Brunetta: l’art. 18 garantisce solo i padri

Nuovo intervento a gamba tesa del Ministro Brunetta che questa volta si scaglia contro l’articolo 18 dello statuto dei lavoratori.
Secondo il ministro in Italia il welfare è mal distribuito: “spendiamo troppo per i padri e poco per i figli”.

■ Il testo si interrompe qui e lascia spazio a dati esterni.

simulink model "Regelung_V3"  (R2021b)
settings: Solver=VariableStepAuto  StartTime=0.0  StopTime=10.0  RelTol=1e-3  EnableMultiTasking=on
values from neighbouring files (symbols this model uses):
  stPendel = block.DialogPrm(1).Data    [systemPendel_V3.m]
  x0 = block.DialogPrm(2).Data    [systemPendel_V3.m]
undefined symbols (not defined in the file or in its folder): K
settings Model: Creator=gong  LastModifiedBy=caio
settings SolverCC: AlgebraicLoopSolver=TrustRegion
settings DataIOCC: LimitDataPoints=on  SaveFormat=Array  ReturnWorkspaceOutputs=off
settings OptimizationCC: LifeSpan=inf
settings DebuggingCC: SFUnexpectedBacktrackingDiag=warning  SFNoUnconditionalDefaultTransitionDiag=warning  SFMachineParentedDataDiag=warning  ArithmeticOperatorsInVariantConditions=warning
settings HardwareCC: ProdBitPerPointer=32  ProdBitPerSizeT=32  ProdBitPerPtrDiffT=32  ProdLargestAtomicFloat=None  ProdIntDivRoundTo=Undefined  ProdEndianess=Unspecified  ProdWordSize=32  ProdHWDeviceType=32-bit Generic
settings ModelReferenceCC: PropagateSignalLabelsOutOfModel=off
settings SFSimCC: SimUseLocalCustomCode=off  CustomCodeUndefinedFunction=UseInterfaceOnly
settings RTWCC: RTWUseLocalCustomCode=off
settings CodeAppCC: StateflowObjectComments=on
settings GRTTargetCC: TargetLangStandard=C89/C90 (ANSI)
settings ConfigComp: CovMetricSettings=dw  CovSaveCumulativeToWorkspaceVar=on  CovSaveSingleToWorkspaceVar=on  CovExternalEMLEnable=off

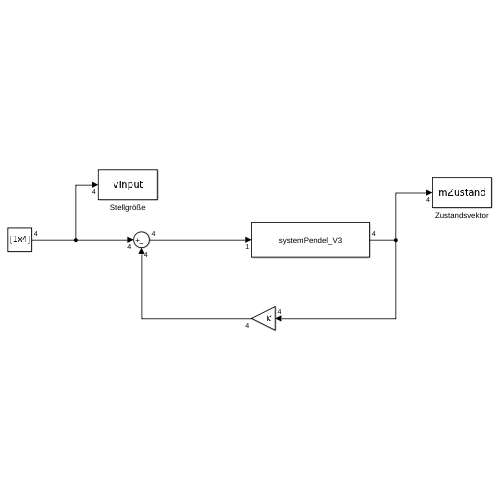
[thumbnail: Simulink's stored preview of the top-level diagram]
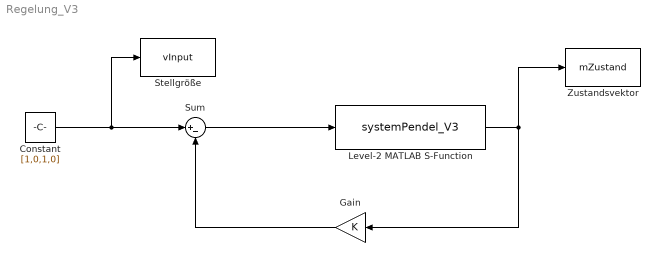
== system Regelung_V3 ==
  Constant : Constant  Value=[1,0,1,0]
  Gain : Gain  Gain=K
  Level-2 MATLAB S-Function : M-S-Function  FunctionName=systemPendel_V3  Parameters=stPendel,x0
  Stellgröße : ToWorkspace  VariableName=vInput  SaveFormat=Timeseries  SampleTime=-1
  Sum : Sum  Inputs=|+-
  Zustandsvektor : ToWorkspace  VariableName=mZustand  SaveFormat=Timeseries  SampleTime=-1
  wires:
  Level-2 MATLAB S-Function/1 -> Gain/1, Zustandsvektor/1
  Gain/1 -> Sum/2
  Constant/1 -> Stellgröße/1, Sum/1
  Sum/1 -> Level-2 MATLAB S-Function/1

Brunetta ha ricordato che in Italia si spende moltissimo “per finte pensioni d’invalidità e quasi nulla in incentivi ai giovani per borse di studio e affitti”. Il sistema assistenziale italiano protegge chi è già entrato nel mondo del lavoro o chi ne è già uscito, ma non crea le condizioni necessarie affinchè i giovani, vero motore del paese, abbiano una reale “uguaglianza di opportunità”.
“Con questo sistema – ha aggiunto Brunetta – le famiglie, per compassione, si tengono in casa i figli fino a tarda età”. Il governo, ha annunciato, lavorerà per riequilibrare questa situazione, anche se non sarà facile data la portata della riforma proposta. Nessuna conferma ufficiale arriva però dagli altri membri del governo, molto disturbati da flusso continuo di dichiarazioni ad effetto del Ministro Brunetta. Sembra che Tremonti sia il più infuriato per le continue polemiche sollevate dall'esplosività del neo candidato a sindaco a Venezia.
Sia i sindacati sia le opposizioni si sono immediatamente scagliati contro quella che è stata definita “l’ennesima sparata” di Brunetta, che, sostiene la Bindi, “lancia messaggi ideologici da pasdaran della deregulation dei diritti”. “Sono i padri – ha aggiunto la Bindi- anche quando sono in cassa integrazione, a dare un minimo di certezza ai figli.